WHAT TO PRODUCE — After finding the line with "msp.add_circle((36.7, 61.85), 15, dxfattribs=at)" in the data below, set down exactly each line through the one with "msp.add_arc(centre, radius, start, end, dxfattribs=at)", inclusive, and stop there.

GIVEN INFORMATION —
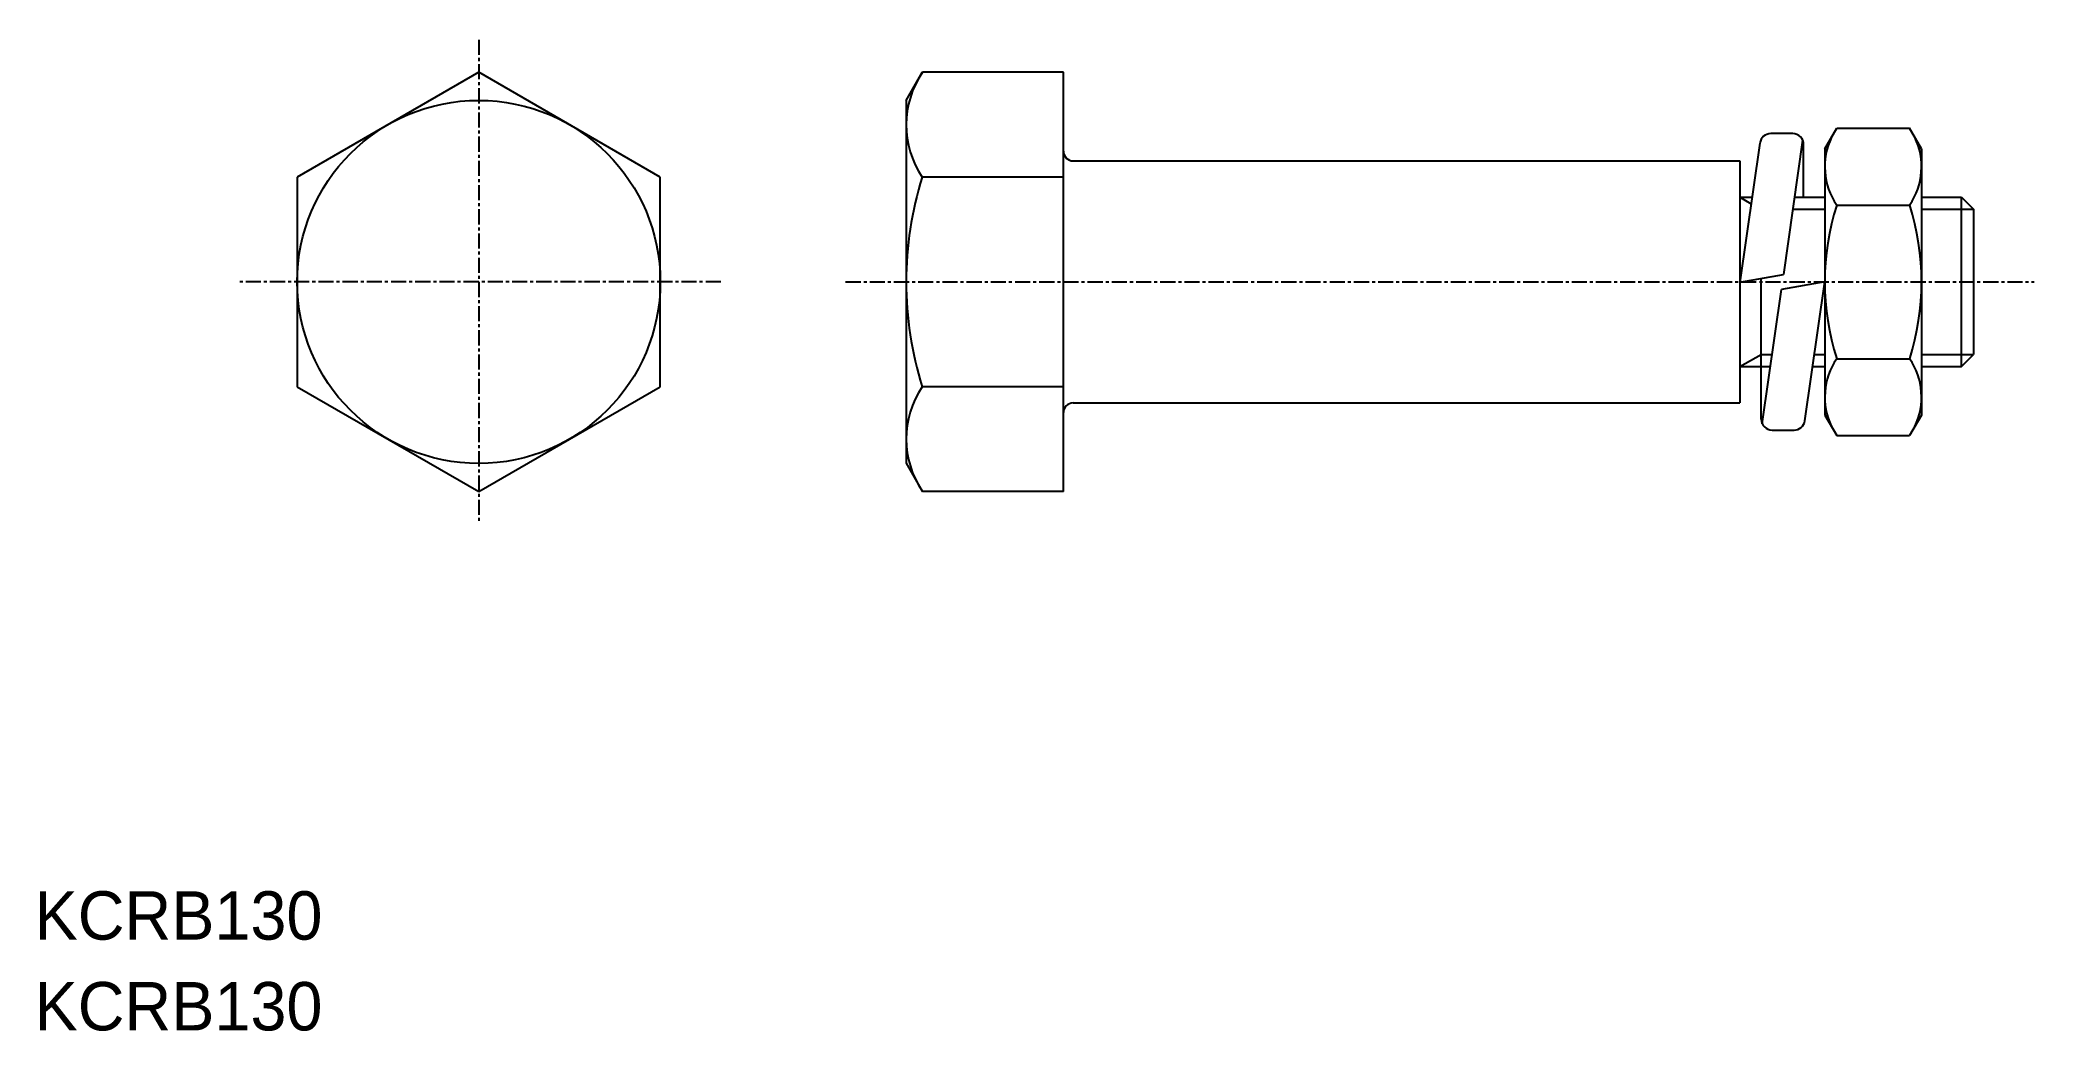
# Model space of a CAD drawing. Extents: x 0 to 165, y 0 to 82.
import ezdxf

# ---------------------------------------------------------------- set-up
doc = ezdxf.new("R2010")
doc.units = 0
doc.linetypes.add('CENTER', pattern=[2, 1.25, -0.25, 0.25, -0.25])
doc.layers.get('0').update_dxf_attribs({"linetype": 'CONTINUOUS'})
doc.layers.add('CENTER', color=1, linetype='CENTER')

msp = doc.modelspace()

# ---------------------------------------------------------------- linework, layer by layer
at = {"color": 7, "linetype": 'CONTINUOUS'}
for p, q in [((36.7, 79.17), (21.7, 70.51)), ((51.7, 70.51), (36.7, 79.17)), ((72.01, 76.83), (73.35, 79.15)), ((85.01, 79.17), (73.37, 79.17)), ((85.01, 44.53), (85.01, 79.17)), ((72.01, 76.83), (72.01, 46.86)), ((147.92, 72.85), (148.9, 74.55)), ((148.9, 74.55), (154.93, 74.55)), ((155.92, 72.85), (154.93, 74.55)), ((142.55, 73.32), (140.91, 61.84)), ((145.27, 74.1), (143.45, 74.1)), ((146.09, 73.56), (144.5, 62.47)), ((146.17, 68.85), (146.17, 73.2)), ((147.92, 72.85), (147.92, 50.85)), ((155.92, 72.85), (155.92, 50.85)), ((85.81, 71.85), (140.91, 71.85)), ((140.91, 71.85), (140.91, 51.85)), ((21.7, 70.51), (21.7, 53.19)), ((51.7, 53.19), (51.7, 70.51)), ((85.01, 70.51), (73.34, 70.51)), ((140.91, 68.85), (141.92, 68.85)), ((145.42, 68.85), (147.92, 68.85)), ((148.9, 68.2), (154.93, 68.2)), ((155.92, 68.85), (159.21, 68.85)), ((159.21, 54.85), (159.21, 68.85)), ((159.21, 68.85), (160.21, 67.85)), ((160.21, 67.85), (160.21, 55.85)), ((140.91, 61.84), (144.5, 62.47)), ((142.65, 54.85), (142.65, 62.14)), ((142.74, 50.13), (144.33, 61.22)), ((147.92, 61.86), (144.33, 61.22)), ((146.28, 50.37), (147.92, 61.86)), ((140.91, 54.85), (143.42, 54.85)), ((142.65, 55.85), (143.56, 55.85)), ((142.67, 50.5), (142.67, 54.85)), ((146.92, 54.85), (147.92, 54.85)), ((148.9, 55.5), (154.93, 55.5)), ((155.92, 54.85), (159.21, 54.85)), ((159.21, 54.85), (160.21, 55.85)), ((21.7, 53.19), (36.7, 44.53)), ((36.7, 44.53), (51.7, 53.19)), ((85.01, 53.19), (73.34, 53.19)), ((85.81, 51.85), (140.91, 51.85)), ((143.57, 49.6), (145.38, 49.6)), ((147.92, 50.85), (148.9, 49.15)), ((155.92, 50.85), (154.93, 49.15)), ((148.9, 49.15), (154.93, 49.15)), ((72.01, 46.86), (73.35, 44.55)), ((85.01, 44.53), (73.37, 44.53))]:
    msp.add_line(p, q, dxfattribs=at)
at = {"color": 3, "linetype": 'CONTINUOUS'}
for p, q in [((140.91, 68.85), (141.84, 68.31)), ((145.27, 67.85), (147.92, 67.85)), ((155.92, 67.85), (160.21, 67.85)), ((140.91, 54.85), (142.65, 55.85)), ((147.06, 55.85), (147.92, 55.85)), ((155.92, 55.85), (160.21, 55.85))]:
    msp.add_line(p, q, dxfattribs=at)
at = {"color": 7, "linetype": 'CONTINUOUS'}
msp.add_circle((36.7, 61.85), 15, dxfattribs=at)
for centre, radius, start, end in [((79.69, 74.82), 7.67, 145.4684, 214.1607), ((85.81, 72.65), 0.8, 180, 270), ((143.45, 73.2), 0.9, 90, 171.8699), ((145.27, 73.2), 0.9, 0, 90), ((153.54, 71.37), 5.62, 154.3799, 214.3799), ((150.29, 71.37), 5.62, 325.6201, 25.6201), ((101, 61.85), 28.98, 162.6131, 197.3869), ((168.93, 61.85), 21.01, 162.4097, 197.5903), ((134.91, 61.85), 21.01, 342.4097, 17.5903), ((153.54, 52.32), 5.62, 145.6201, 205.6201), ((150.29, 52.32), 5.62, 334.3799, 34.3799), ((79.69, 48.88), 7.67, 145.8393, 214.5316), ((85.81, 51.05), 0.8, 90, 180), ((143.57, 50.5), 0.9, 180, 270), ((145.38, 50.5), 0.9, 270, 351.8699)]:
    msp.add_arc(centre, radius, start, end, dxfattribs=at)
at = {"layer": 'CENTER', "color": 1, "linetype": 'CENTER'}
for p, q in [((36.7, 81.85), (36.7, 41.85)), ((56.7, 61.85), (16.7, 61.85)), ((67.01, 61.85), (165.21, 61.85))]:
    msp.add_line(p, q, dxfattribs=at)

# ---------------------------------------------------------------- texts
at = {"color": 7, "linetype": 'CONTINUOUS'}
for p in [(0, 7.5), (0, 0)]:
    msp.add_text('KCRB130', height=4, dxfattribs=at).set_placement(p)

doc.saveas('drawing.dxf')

SOLUTION TO THIS PROBLEM —
msp.add_circle((36.7, 61.85), 15, dxfattribs=at)
for centre, radius, start, end in [((79.69, 74.82), 7.67, 145.4684, 214.1607), ((85.81, 72.65), 0.8, 180, 270), ((143.45, 73.2), 0.9, 90, 171.8699), ((145.27, 73.2), 0.9, 0, 90), ((153.54, 71.37), 5.62, 154.3799, 214.3799), ((150.29, 71.37), 5.62, 325.6201, 25.6201), ((101, 61.85), 28.98, 162.6131, 197.3869), ((168.93, 61.85), 21.01, 162.4097, 197.5903), ((134.91, 61.85), 21.01, 342.4097, 17.5903), ((153.54, 52.32), 5.62, 145.6201, 205.6201), ((150.29, 52.32), 5.62, 334.3799, 34.3799), ((79.69, 48.88), 7.67, 145.8393, 214.5316), ((85.81, 51.05), 0.8, 90, 180), ((143.57, 50.5), 0.9, 180, 270), ((145.38, 50.5), 0.9, 270, 351.8699)]:
    msp.add_arc(centre, radius, start, end, dxfattribs=at)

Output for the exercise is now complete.